EXERCISE BRIEF
Return only the lines below starting at the line containing "Sum/1 -> 6DOF ECEF (Quaternion)/1" and ending at the line containing "In1 : Inport", both included, exactly as they are and with no pictures.

EXERCISE INPUT
----
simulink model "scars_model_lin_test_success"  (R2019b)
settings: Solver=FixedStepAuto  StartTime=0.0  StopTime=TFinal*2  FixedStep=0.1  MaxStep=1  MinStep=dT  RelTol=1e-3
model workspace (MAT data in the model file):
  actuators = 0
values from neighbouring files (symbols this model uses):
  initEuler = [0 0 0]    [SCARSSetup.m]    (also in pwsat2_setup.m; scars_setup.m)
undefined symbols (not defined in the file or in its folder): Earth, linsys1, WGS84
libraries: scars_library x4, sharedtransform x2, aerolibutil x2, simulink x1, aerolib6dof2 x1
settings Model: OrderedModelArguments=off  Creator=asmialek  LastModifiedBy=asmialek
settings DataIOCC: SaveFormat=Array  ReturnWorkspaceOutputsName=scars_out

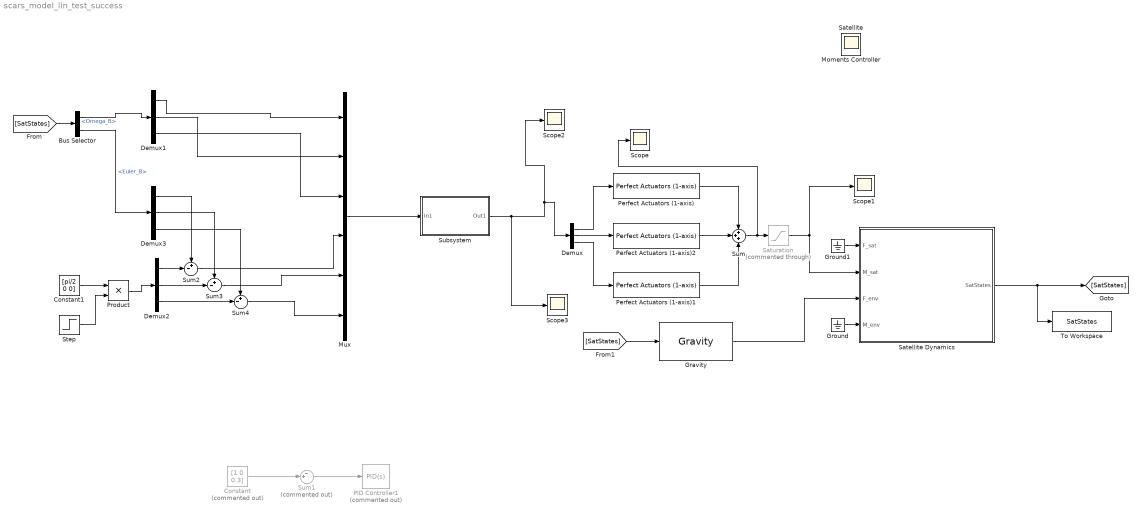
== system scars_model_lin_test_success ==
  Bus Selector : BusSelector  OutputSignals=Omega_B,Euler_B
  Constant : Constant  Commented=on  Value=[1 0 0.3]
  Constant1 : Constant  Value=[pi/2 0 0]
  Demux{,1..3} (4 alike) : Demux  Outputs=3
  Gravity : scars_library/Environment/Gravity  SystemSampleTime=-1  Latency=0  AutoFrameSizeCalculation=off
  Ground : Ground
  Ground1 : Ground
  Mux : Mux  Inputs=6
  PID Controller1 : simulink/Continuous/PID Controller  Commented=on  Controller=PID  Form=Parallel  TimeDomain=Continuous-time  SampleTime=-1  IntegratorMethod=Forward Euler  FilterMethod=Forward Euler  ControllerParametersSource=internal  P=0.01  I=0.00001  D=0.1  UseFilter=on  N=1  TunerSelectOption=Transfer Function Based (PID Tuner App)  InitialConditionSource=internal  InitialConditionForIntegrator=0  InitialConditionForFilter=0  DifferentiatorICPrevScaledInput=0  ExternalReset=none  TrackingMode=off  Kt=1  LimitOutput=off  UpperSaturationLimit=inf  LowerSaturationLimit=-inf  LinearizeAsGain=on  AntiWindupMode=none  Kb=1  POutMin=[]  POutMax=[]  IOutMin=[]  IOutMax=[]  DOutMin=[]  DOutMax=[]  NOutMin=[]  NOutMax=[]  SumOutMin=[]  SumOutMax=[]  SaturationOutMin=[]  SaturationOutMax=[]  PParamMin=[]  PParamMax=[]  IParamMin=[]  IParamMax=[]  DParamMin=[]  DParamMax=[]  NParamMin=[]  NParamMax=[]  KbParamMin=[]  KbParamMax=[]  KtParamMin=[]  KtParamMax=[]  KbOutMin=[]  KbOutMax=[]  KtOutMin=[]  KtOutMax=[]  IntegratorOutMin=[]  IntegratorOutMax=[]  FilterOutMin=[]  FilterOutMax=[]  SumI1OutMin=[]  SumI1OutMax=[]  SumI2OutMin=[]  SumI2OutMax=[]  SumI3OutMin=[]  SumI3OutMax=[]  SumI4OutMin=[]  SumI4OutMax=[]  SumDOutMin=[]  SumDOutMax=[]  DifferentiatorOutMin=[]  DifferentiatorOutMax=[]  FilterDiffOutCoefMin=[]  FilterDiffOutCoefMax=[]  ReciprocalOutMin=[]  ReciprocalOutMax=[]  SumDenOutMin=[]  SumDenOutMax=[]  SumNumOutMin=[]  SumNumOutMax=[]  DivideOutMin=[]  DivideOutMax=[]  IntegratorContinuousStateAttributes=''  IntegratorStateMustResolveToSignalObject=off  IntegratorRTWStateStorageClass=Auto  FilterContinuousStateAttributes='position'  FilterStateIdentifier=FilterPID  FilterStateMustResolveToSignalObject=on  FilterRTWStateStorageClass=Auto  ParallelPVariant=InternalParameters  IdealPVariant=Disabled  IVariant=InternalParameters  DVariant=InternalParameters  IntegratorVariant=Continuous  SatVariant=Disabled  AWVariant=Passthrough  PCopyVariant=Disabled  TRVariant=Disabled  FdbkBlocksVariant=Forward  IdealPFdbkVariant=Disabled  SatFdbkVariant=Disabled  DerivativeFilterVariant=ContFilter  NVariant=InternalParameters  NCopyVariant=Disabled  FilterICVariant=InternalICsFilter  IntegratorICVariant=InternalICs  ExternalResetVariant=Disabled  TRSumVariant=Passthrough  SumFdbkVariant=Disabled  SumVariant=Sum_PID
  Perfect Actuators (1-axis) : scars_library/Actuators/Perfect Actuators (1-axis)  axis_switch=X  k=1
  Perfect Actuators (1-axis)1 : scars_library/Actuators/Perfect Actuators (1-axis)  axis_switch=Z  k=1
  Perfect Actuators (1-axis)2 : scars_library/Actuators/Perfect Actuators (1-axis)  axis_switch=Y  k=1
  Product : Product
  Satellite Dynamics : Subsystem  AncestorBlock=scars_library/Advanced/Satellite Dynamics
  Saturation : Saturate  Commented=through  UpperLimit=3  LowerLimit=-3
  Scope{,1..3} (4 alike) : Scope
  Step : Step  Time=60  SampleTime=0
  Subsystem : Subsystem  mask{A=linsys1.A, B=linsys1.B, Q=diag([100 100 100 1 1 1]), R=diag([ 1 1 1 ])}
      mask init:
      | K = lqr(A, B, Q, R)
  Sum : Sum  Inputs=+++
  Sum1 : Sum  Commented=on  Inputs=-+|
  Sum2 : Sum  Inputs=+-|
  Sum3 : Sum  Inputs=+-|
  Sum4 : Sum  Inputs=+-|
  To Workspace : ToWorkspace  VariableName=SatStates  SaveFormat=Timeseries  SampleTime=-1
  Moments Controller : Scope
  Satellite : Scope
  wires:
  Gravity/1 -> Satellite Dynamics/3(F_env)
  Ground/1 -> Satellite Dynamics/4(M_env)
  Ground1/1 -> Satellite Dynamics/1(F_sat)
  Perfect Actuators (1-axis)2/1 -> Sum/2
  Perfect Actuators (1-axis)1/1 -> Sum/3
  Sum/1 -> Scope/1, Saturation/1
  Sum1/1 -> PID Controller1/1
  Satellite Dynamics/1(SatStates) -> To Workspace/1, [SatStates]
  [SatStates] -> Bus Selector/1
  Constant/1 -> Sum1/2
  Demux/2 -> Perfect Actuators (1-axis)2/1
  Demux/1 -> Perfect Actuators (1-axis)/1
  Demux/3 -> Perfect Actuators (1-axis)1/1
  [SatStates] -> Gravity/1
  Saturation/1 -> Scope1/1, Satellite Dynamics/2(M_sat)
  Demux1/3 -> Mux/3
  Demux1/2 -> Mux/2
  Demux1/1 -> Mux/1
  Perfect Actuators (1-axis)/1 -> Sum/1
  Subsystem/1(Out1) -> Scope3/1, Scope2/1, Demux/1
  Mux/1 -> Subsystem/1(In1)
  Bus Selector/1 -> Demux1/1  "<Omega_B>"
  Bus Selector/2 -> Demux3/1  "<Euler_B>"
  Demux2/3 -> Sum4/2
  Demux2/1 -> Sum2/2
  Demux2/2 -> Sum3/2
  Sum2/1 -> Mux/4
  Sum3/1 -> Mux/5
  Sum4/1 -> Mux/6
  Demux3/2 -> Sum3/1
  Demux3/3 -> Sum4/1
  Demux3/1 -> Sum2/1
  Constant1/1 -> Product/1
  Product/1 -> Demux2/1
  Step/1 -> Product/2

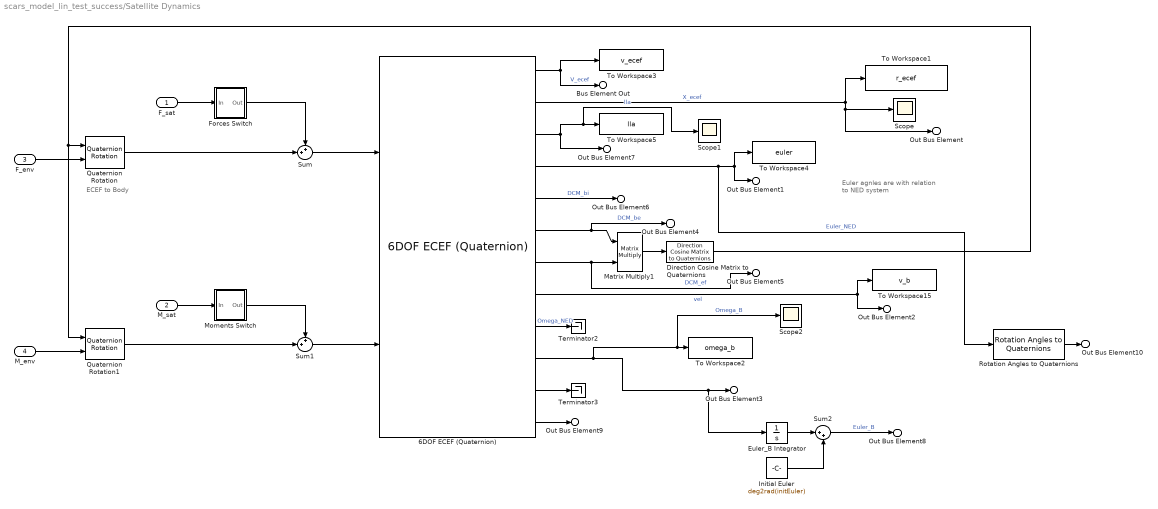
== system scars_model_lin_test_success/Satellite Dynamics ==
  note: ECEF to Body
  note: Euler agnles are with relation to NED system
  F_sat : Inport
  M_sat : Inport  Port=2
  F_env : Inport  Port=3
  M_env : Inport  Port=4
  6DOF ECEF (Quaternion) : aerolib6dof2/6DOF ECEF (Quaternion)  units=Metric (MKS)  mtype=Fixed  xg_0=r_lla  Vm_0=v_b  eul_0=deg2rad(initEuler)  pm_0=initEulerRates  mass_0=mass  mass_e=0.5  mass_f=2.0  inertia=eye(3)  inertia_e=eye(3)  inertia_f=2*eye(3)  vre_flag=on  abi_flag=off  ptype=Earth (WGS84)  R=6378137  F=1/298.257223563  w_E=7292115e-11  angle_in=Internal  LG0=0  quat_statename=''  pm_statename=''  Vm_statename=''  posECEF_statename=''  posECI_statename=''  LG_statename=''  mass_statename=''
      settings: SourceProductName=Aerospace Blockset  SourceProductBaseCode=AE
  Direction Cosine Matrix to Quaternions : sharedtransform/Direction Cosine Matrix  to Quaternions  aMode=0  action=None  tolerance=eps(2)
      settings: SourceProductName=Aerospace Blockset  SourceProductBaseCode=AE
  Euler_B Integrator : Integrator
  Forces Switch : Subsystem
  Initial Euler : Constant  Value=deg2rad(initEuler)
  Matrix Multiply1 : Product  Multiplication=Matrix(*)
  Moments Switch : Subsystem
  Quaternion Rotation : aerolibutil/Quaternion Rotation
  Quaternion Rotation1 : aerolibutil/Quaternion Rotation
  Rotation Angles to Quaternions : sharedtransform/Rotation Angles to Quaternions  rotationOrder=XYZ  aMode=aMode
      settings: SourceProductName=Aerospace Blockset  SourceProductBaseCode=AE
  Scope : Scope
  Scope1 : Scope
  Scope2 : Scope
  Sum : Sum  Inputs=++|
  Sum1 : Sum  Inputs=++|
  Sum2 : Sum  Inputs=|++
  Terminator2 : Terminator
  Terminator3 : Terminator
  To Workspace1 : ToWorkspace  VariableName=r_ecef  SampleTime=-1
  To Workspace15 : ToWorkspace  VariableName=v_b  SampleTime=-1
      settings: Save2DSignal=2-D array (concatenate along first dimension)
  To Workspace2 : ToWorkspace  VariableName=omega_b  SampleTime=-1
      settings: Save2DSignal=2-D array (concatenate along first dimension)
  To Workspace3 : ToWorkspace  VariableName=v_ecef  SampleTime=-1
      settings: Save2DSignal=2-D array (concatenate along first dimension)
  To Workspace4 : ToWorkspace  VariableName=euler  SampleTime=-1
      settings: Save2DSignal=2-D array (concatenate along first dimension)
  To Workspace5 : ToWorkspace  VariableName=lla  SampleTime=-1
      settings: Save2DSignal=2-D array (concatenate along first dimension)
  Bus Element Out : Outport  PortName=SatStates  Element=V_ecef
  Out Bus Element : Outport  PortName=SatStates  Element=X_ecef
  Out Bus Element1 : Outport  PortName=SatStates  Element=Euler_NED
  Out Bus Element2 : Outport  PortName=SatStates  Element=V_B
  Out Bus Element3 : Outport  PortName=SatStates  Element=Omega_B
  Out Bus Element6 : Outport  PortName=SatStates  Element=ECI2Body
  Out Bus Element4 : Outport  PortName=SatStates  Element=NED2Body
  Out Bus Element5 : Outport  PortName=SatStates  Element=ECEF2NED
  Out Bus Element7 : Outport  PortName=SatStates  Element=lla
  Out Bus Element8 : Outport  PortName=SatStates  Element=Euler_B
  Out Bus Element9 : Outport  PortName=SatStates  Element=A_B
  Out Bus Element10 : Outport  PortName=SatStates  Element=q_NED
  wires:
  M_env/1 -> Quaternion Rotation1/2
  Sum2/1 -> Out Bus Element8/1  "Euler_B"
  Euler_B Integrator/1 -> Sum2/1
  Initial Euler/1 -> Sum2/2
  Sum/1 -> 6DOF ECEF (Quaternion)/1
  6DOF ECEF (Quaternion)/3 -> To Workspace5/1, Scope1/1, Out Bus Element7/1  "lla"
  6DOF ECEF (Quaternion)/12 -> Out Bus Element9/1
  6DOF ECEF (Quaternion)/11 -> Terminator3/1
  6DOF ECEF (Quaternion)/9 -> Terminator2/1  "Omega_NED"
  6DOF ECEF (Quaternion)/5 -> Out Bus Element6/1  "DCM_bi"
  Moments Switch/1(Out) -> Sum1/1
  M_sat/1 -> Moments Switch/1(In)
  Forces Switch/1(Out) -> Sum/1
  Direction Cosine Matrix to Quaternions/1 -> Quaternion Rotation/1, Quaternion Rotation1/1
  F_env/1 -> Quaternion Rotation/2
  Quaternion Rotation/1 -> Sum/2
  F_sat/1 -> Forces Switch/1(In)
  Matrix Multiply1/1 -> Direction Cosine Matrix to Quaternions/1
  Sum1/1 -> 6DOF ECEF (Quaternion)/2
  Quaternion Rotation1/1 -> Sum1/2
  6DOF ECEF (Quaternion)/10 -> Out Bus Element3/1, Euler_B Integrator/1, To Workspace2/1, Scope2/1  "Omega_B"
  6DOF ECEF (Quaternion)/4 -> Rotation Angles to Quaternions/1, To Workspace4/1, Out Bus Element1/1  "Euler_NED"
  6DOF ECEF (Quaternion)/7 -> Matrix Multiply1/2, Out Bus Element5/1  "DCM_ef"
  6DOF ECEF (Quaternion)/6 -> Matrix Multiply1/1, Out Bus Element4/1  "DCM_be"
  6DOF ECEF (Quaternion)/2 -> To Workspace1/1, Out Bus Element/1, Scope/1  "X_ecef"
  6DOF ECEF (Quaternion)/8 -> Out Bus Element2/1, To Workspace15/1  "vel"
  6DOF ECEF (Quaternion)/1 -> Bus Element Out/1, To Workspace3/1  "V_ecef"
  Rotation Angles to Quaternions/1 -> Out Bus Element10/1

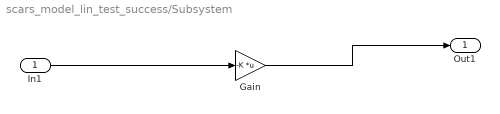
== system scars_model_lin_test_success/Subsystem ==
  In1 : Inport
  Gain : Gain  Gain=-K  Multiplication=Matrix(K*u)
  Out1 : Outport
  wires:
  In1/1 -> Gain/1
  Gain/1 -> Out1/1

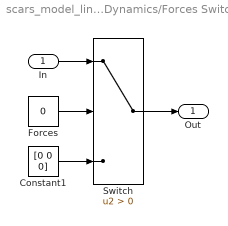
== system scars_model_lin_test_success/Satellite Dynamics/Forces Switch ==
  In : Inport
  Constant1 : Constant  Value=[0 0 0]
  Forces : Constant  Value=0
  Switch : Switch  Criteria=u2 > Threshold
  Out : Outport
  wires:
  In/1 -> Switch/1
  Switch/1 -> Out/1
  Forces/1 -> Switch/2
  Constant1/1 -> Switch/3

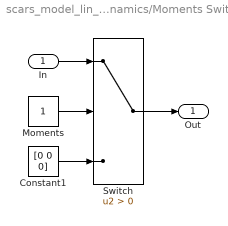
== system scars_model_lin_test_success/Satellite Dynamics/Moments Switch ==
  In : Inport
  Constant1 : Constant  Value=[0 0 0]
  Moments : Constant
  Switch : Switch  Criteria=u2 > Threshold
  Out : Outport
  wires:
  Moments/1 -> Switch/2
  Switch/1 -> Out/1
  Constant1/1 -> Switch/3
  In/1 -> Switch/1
----
THE ANSWER
  Sum/1 -> 6DOF ECEF (Quaternion)/1
  6DOF ECEF (Quaternion)/3 -> To Workspace5/1, Scope1/1, Out Bus Element7/1  "lla"
  6DOF ECEF (Quaternion)/12 -> Out Bus Element9/1
  6DOF ECEF (Quaternion)/11 -> Terminator3/1
  6DOF ECEF (Quaternion)/9 -> Terminator2/1  "Omega_NED"
  6DOF ECEF (Quaternion)/5 -> Out Bus Element6/1  "DCM_bi"
  Moments Switch/1(Out) -> Sum1/1
  M_sat/1 -> Moments Switch/1(In)
  Forces Switch/1(Out) -> Sum/1
  Direction Cosine Matrix to Quaternions/1 -> Quaternion Rotation/1, Quaternion Rotation1/1
  F_env/1 -> Quaternion Rotation/2
  Quaternion Rotation/1 -> Sum/2
  F_sat/1 -> Forces Switch/1(In)
  Matrix Multiply1/1 -> Direction Cosine Matrix to Quaternions/1
  Sum1/1 -> 6DOF ECEF (Quaternion)/2
  Quaternion Rotation1/1 -> Sum1/2
  6DOF ECEF (Quaternion)/10 -> Out Bus Element3/1, Euler_B Integrator/1, To Workspace2/1, Scope2/1  "Omega_B"
  6DOF ECEF (Quaternion)/4 -> Rotation Angles to Quaternions/1, To Workspace4/1, Out Bus Element1/1  "Euler_NED"
  6DOF ECEF (Quaternion)/7 -> Matrix Multiply1/2, Out Bus Element5/1  "DCM_ef"
  6DOF ECEF (Quaternion)/6 -> Matrix Multiply1/1, Out Bus Element4/1  "DCM_be"
  6DOF ECEF (Quaternion)/2 -> To Workspace1/1, Out Bus Element/1, Scope/1  "X_ecef"
  6DOF ECEF (Quaternion)/8 -> Out Bus Element2/1, To Workspace15/1  "vel"
  6DOF ECEF (Quaternion)/1 -> Bus Element Out/1, To Workspace3/1  "V_ecef"
  Rotation Angles to Quaternions/1 -> Out Bus Element10/1

== system scars_model_lin_test_success/Subsystem ==
  In1 : Inport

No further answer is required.